(PROVIDED RECORDS Opens)

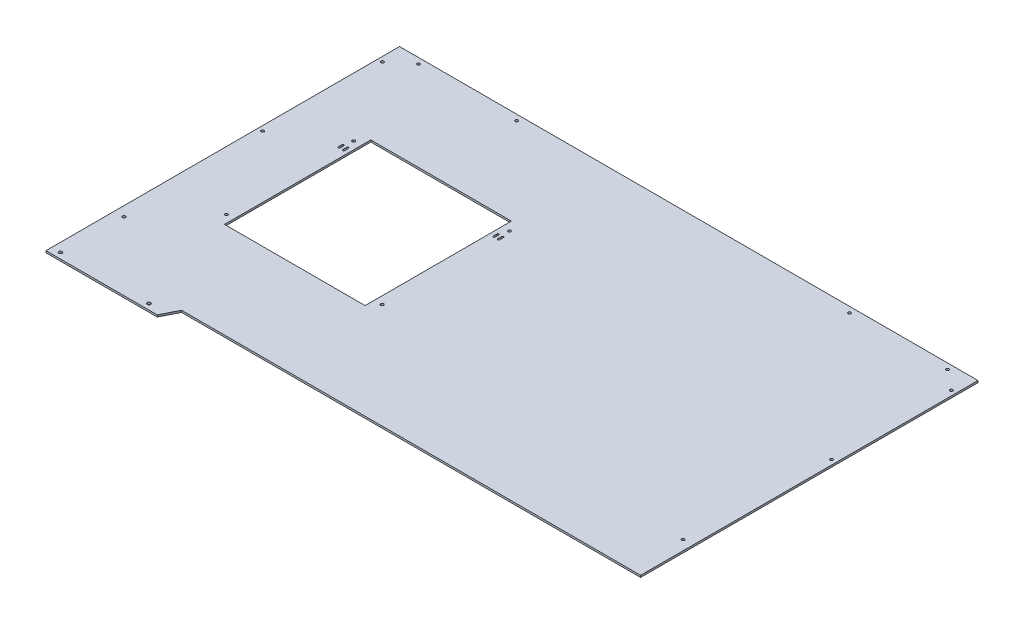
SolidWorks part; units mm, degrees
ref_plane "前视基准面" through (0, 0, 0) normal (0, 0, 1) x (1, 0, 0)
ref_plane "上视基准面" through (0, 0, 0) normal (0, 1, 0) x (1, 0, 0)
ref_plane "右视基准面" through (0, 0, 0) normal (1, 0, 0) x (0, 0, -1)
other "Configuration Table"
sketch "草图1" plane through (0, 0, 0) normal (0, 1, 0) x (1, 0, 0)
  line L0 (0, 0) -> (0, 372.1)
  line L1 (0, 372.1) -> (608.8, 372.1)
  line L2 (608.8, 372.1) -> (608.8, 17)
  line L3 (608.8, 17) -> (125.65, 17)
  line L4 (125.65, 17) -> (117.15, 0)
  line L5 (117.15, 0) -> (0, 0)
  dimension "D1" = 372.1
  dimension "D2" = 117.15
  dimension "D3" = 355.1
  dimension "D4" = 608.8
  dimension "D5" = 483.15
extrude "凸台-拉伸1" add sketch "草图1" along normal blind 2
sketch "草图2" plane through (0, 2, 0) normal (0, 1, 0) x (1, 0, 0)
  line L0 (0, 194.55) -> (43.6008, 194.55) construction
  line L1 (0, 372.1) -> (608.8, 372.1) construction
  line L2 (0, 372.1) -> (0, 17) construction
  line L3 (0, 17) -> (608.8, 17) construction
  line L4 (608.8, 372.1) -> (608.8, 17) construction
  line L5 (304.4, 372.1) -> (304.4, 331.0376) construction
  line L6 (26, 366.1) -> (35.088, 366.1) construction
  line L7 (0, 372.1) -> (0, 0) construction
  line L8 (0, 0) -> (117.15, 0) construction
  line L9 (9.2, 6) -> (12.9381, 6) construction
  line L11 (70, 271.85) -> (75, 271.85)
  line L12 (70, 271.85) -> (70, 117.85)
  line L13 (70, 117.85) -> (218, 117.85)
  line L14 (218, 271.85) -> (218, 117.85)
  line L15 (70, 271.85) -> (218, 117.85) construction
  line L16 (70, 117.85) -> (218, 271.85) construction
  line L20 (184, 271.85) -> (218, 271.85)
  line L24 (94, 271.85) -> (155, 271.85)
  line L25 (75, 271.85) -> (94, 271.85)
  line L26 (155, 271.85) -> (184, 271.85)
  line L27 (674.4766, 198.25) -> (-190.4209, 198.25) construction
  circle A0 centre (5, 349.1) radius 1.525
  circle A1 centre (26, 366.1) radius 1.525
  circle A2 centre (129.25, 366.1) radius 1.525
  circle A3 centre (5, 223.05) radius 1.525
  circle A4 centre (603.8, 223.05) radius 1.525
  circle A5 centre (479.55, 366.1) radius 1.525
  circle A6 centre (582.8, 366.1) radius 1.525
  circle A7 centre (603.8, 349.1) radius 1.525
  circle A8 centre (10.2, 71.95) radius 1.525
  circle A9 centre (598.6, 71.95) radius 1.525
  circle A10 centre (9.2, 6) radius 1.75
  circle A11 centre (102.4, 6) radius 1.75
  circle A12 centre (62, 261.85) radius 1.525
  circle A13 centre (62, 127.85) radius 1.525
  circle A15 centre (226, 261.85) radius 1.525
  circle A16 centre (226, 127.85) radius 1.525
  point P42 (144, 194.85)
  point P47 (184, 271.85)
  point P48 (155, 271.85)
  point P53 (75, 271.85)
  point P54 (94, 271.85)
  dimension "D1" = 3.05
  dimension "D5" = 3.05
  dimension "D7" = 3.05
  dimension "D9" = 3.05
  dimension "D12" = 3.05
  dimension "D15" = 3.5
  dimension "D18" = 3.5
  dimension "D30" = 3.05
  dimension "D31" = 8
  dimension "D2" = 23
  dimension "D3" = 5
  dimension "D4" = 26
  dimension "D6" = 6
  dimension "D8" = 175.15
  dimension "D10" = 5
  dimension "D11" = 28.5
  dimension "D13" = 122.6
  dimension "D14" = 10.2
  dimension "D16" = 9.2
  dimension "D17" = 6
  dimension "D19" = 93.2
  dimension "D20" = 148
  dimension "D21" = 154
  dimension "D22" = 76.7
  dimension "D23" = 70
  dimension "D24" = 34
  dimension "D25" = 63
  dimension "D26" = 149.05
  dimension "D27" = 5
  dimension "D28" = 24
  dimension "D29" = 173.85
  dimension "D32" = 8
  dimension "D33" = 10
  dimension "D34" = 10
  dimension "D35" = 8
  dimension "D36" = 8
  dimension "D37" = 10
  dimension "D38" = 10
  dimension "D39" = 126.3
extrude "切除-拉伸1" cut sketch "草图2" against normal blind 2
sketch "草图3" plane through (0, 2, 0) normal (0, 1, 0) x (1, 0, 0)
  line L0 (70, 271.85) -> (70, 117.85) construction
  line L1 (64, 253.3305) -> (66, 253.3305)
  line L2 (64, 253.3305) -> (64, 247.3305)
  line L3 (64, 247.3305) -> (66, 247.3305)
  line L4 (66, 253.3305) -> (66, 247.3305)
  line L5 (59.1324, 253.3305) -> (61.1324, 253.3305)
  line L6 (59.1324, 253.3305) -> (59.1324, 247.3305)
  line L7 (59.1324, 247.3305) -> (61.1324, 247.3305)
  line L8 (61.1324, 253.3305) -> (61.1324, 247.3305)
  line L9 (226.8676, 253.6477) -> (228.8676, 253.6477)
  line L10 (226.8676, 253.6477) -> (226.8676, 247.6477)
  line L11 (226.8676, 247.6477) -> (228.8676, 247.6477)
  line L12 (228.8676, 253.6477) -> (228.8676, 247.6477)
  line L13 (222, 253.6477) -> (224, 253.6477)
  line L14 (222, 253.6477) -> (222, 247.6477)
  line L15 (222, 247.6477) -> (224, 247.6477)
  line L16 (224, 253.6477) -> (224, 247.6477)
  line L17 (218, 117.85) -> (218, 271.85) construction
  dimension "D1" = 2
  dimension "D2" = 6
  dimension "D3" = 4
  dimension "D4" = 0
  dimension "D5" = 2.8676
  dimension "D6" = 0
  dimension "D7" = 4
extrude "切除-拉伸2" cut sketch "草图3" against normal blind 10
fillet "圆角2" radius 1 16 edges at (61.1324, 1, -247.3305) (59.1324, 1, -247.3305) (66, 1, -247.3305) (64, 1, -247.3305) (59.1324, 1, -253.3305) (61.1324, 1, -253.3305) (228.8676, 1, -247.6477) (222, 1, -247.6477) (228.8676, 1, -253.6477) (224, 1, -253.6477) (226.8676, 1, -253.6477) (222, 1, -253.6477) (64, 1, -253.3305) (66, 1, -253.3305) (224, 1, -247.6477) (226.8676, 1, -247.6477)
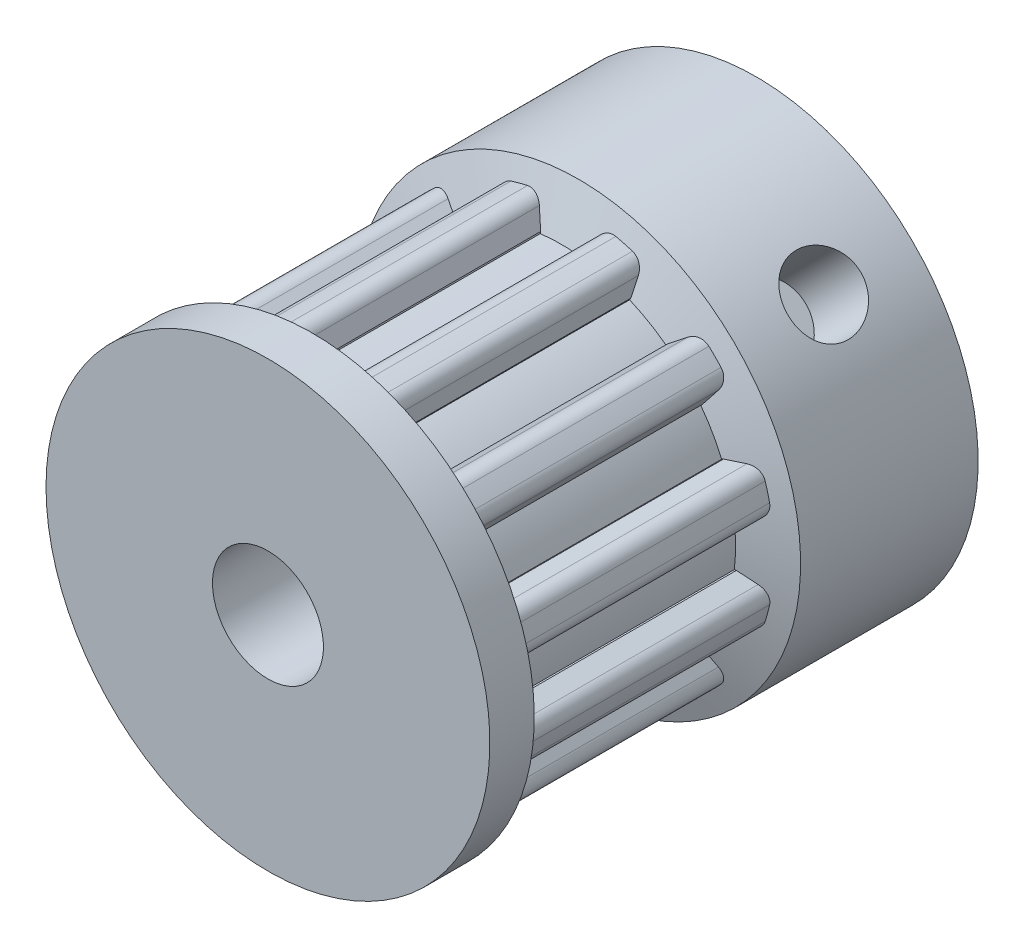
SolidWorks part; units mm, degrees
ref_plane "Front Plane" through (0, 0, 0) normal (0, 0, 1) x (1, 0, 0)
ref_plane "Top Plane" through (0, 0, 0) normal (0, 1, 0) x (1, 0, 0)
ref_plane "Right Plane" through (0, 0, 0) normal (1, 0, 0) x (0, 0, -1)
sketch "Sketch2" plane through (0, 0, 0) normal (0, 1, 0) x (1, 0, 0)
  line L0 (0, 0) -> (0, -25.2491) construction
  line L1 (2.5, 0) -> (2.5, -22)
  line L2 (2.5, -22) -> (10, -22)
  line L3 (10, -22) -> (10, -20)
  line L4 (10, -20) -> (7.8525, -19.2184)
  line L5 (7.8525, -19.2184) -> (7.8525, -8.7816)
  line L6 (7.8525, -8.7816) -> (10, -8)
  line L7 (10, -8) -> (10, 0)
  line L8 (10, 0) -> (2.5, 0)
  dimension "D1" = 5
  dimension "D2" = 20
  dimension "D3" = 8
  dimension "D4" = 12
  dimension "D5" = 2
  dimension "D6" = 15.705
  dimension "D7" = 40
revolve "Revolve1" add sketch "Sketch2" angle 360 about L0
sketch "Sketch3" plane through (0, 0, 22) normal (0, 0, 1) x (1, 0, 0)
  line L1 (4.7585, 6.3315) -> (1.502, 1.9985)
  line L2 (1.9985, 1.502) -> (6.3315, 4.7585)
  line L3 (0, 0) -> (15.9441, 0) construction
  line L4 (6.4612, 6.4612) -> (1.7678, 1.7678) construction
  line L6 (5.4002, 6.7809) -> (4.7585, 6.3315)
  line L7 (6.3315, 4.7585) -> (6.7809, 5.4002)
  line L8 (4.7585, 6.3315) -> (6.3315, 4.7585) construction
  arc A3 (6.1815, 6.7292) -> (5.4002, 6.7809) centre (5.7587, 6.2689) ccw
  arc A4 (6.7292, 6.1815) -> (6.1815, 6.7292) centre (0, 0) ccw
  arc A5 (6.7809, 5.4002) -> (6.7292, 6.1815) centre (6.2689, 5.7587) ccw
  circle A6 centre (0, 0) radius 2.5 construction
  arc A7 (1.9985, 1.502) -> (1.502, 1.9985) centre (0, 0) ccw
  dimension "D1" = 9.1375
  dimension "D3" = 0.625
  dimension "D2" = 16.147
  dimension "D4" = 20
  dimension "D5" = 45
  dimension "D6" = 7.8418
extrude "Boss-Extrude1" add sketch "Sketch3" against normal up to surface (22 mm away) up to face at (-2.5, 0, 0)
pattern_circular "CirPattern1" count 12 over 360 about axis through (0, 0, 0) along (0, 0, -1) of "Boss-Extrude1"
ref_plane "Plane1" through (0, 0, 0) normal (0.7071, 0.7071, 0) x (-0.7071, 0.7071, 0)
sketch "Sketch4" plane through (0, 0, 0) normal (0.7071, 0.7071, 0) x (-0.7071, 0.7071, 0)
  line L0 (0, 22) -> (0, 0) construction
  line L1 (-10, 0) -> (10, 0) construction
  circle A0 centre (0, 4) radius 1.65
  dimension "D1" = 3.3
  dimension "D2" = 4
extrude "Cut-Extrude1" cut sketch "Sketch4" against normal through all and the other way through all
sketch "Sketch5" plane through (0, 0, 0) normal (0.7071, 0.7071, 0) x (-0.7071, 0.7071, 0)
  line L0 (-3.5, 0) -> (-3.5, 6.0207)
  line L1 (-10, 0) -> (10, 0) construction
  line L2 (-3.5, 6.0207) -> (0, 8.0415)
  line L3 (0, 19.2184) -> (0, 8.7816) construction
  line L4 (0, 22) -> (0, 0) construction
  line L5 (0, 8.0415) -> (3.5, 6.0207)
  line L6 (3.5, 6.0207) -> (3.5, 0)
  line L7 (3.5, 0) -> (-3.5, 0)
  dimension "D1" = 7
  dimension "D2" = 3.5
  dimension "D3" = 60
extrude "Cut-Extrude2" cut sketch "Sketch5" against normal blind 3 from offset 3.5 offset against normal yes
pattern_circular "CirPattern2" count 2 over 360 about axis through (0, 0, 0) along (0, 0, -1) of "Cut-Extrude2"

(PROVIDED RECORDS Closes)

EXERCISE: All that is needed is how many lines of the listing hold the word "about", stated as one number.

TASK ANSWER: 3